## [Records shown]

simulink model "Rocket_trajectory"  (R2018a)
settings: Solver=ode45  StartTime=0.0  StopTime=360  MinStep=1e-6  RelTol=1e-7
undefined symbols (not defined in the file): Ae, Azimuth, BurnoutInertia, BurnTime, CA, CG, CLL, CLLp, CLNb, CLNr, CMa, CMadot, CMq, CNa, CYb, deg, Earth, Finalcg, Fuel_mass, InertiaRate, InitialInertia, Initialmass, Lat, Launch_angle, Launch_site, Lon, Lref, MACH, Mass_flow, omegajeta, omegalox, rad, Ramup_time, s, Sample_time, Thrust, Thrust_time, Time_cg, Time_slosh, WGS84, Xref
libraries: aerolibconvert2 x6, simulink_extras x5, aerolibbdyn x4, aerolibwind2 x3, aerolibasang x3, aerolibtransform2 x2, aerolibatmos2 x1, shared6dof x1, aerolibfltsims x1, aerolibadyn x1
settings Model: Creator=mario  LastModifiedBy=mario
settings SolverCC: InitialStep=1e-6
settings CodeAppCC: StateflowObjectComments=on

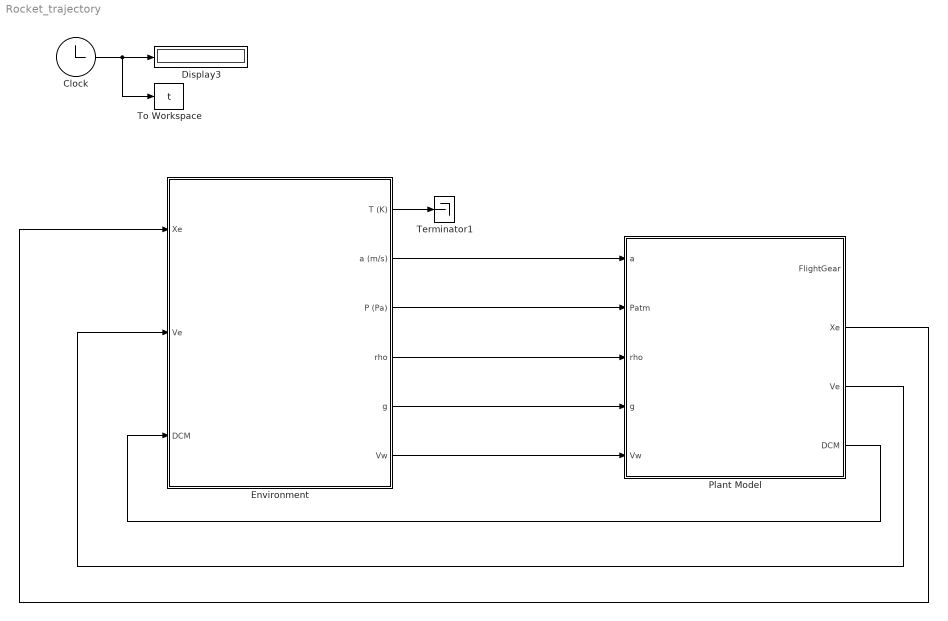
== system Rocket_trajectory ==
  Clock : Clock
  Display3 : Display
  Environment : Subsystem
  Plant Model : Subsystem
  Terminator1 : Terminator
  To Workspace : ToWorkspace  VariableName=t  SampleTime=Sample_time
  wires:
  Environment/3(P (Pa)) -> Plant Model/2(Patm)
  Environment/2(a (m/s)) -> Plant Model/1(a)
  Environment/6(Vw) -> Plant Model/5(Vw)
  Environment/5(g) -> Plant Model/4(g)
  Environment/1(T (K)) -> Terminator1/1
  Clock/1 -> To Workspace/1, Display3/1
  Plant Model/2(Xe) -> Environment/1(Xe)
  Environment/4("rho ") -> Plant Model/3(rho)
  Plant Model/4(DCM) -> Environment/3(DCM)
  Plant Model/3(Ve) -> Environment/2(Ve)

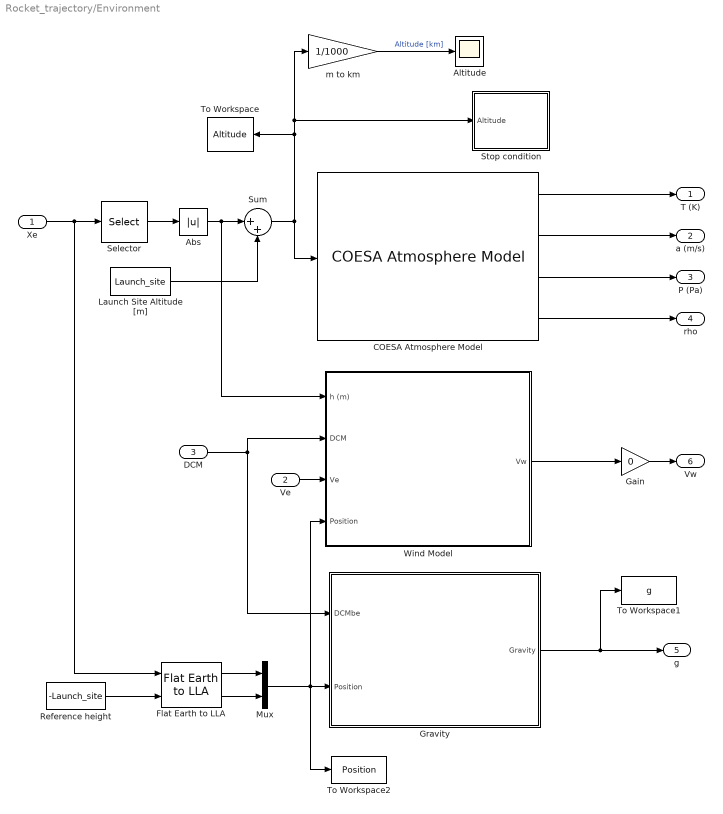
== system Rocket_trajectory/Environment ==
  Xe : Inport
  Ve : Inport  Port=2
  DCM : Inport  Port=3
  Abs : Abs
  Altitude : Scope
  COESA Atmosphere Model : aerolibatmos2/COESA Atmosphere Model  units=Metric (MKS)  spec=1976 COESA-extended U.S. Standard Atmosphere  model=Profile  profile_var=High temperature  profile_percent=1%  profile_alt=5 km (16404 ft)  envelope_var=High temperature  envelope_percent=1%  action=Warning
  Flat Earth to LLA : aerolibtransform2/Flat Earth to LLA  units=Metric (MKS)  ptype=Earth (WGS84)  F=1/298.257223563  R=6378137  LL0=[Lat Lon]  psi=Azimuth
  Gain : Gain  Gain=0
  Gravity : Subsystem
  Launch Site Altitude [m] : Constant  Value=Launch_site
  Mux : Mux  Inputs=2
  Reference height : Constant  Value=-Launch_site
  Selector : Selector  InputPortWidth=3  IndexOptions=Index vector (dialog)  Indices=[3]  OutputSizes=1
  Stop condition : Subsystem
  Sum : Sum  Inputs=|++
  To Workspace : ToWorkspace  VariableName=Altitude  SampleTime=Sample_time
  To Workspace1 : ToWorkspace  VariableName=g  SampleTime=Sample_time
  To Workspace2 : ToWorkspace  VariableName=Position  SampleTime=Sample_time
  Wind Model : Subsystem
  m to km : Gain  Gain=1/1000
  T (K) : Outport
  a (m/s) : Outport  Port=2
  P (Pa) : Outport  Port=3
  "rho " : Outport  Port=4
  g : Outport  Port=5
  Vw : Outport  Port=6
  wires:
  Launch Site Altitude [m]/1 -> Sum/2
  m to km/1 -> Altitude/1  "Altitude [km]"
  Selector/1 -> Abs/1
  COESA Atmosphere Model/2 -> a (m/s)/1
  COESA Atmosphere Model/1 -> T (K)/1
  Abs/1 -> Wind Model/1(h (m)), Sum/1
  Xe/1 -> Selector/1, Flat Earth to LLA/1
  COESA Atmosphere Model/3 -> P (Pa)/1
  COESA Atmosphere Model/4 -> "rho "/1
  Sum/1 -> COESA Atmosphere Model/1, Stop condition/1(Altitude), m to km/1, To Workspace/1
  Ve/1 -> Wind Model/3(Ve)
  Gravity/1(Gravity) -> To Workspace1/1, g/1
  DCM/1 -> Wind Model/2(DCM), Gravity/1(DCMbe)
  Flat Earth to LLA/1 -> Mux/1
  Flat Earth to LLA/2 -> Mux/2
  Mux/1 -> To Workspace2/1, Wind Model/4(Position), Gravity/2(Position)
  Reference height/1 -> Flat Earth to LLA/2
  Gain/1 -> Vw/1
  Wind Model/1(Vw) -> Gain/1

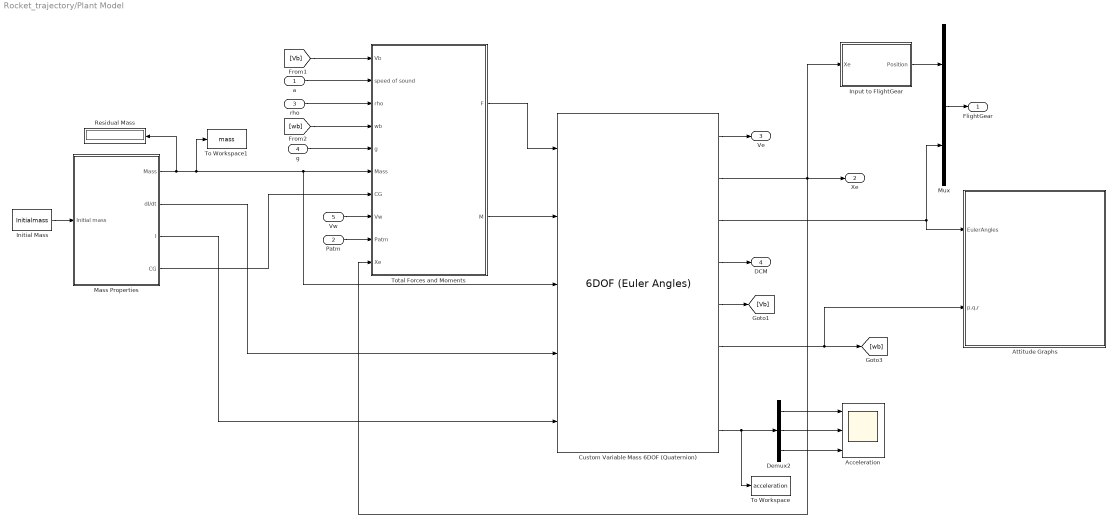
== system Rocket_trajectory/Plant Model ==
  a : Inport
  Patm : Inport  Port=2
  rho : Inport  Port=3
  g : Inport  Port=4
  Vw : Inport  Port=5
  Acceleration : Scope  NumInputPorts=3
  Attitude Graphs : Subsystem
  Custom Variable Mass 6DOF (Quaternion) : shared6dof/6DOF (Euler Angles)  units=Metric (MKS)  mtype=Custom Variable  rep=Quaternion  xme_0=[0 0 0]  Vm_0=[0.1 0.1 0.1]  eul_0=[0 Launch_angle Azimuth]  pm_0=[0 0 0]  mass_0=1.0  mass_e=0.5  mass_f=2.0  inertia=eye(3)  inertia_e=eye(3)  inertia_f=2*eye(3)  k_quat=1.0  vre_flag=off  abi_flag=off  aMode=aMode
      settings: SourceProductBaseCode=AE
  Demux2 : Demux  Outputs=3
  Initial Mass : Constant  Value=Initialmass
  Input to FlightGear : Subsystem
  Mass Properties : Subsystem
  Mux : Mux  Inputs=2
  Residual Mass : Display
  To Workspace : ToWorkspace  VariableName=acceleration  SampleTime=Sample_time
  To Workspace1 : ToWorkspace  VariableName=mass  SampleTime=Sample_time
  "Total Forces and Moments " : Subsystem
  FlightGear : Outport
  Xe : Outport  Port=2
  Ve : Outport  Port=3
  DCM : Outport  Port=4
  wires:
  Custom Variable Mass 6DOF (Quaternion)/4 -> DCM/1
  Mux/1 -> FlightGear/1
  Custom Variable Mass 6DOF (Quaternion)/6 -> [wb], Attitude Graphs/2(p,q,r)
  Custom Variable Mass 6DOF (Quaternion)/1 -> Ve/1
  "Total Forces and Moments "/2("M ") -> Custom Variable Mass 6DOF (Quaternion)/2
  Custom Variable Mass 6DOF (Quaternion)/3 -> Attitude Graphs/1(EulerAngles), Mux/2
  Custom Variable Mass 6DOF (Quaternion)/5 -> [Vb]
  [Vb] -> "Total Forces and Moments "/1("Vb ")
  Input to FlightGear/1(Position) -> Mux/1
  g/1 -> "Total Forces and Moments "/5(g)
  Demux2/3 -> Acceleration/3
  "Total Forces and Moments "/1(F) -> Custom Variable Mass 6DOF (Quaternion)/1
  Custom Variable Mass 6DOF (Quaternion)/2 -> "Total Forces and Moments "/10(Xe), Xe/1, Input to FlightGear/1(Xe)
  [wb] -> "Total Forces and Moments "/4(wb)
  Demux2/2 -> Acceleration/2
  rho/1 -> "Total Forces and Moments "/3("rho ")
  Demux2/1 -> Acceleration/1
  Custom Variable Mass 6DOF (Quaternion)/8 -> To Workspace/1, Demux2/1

## [Problem to solve]
Without the pictures, give back the entries exactly.

## [Solved problem]
simulink model "Rocket_trajectory"  (R2018a)
settings: Solver=ode45  StartTime=0.0  StopTime=360  MinStep=1e-6  RelTol=1e-7
undefined symbols (not defined in the file): Ae, Azimuth, BurnoutInertia, BurnTime, CA, CG, CLL, CLLp, CLNb, CLNr, CMa, CMadot, CMq, CNa, CYb, deg, Earth, Finalcg, Fuel_mass, InertiaRate, InitialInertia, Initialmass, Lat, Launch_angle, Launch_site, Lon, Lref, MACH, Mass_flow, omegajeta, omegalox, rad, Ramup_time, s, Sample_time, Thrust, Thrust_time, Time_cg, Time_slosh, WGS84, Xref
libraries: aerolibconvert2 x6, simulink_extras x5, aerolibbdyn x4, aerolibwind2 x3, aerolibasang x3, aerolibtransform2 x2, aerolibatmos2 x1, shared6dof x1, aerolibfltsims x1, aerolibadyn x1
settings Model: Creator=mario  LastModifiedBy=mario
settings SolverCC: InitialStep=1e-6
settings CodeAppCC: StateflowObjectComments=on

== system Rocket_trajectory ==
  Clock : Clock
  Display3 : Display
  Environment : Subsystem
  Plant Model : Subsystem
  Terminator1 : Terminator
  To Workspace : ToWorkspace  VariableName=t  SampleTime=Sample_time
  wires:
  Environment/3(P (Pa)) -> Plant Model/2(Patm)
  Environment/2(a (m/s)) -> Plant Model/1(a)
  Environment/6(Vw) -> Plant Model/5(Vw)
  Environment/5(g) -> Plant Model/4(g)
  Environment/1(T (K)) -> Terminator1/1
  Clock/1 -> To Workspace/1, Display3/1
  Plant Model/2(Xe) -> Environment/1(Xe)
  Environment/4("rho ") -> Plant Model/3(rho)
  Plant Model/4(DCM) -> Environment/3(DCM)
  Plant Model/3(Ve) -> Environment/2(Ve)

== system Rocket_trajectory/Environment ==
  Xe : Inport
  Ve : Inport  Port=2
  DCM : Inport  Port=3
  Abs : Abs
  Altitude : Scope
  COESA Atmosphere Model : aerolibatmos2/COESA Atmosphere Model  units=Metric (MKS)  spec=1976 COESA-extended U.S. Standard Atmosphere  model=Profile  profile_var=High temperature  profile_percent=1%  profile_alt=5 km (16404 ft)  envelope_var=High temperature  envelope_percent=1%  action=Warning
  Flat Earth to LLA : aerolibtransform2/Flat Earth to LLA  units=Metric (MKS)  ptype=Earth (WGS84)  F=1/298.257223563  R=6378137  LL0=[Lat Lon]  psi=Azimuth
  Gain : Gain  Gain=0
  Gravity : Subsystem
  Launch Site Altitude [m] : Constant  Value=Launch_site
  Mux : Mux  Inputs=2
  Reference height : Constant  Value=-Launch_site
  Selector : Selector  InputPortWidth=3  IndexOptions=Index vector (dialog)  Indices=[3]  OutputSizes=1
  Stop condition : Subsystem
  Sum : Sum  Inputs=|++
  To Workspace : ToWorkspace  VariableName=Altitude  SampleTime=Sample_time
  To Workspace1 : ToWorkspace  VariableName=g  SampleTime=Sample_time
  To Workspace2 : ToWorkspace  VariableName=Position  SampleTime=Sample_time
  Wind Model : Subsystem
  m to km : Gain  Gain=1/1000
  T (K) : Outport
  a (m/s) : Outport  Port=2
  P (Pa) : Outport  Port=3
  "rho " : Outport  Port=4
  g : Outport  Port=5
  Vw : Outport  Port=6
  wires:
  Launch Site Altitude [m]/1 -> Sum/2
  m to km/1 -> Altitude/1  "Altitude [km]"
  Selector/1 -> Abs/1
  COESA Atmosphere Model/2 -> a (m/s)/1
  COESA Atmosphere Model/1 -> T (K)/1
  Abs/1 -> Wind Model/1(h (m)), Sum/1
  Xe/1 -> Selector/1, Flat Earth to LLA/1
  COESA Atmosphere Model/3 -> P (Pa)/1
  COESA Atmosphere Model/4 -> "rho "/1
  Sum/1 -> COESA Atmosphere Model/1, Stop condition/1(Altitude), m to km/1, To Workspace/1
  Ve/1 -> Wind Model/3(Ve)
  Gravity/1(Gravity) -> To Workspace1/1, g/1
  DCM/1 -> Wind Model/2(DCM), Gravity/1(DCMbe)
  Flat Earth to LLA/1 -> Mux/1
  Flat Earth to LLA/2 -> Mux/2
  Mux/1 -> To Workspace2/1, Wind Model/4(Position), Gravity/2(Position)
  Reference height/1 -> Flat Earth to LLA/2
  Gain/1 -> Vw/1
  Wind Model/1(Vw) -> Gain/1

== system Rocket_trajectory/Plant Model ==
  a : Inport
  Patm : Inport  Port=2
  rho : Inport  Port=3
  g : Inport  Port=4
  Vw : Inport  Port=5
  Acceleration : Scope  NumInputPorts=3
  Attitude Graphs : Subsystem
  Custom Variable Mass 6DOF (Quaternion) : shared6dof/6DOF (Euler Angles)  units=Metric (MKS)  mtype=Custom Variable  rep=Quaternion  xme_0=[0 0 0]  Vm_0=[0.1 0.1 0.1]  eul_0=[0 Launch_angle Azimuth]  pm_0=[0 0 0]  mass_0=1.0  mass_e=0.5  mass_f=2.0  inertia=eye(3)  inertia_e=eye(3)  inertia_f=2*eye(3)  k_quat=1.0  vre_flag=off  abi_flag=off  aMode=aMode
      settings: SourceProductBaseCode=AE
  Demux2 : Demux  Outputs=3
  Initial Mass : Constant  Value=Initialmass
  Input to FlightGear : Subsystem
  Mass Properties : Subsystem
  Mux : Mux  Inputs=2
  Residual Mass : Display
  To Workspace : ToWorkspace  VariableName=acceleration  SampleTime=Sample_time
  To Workspace1 : ToWorkspace  VariableName=mass  SampleTime=Sample_time
  "Total Forces and Moments " : Subsystem
  FlightGear : Outport
  Xe : Outport  Port=2
  Ve : Outport  Port=3
  DCM : Outport  Port=4
  wires:
  Custom Variable Mass 6DOF (Quaternion)/4 -> DCM/1
  Mux/1 -> FlightGear/1
  Custom Variable Mass 6DOF (Quaternion)/6 -> [wb], Attitude Graphs/2(p,q,r)
  Custom Variable Mass 6DOF (Quaternion)/1 -> Ve/1
  "Total Forces and Moments "/2("M ") -> Custom Variable Mass 6DOF (Quaternion)/2
  Custom Variable Mass 6DOF (Quaternion)/3 -> Attitude Graphs/1(EulerAngles), Mux/2
  Custom Variable Mass 6DOF (Quaternion)/5 -> [Vb]
  [Vb] -> "Total Forces and Moments "/1("Vb ")
  Input to FlightGear/1(Position) -> Mux/1
  g/1 -> "Total Forces and Moments "/5(g)
  Demux2/3 -> Acceleration/3
  "Total Forces and Moments "/1(F) -> Custom Variable Mass 6DOF (Quaternion)/1
  Custom Variable Mass 6DOF (Quaternion)/2 -> "Total Forces and Moments "/10(Xe), Xe/1, Input to FlightGear/1(Xe)
  [wb] -> "Total Forces and Moments "/4(wb)
  Demux2/2 -> Acceleration/2
  rho/1 -> "Total Forces and Moments "/3("rho ")
  Demux2/1 -> Acceleration/1
  Custom Variable Mass 6DOF (Quaternion)/8 -> To Workspace/1, Demux2/1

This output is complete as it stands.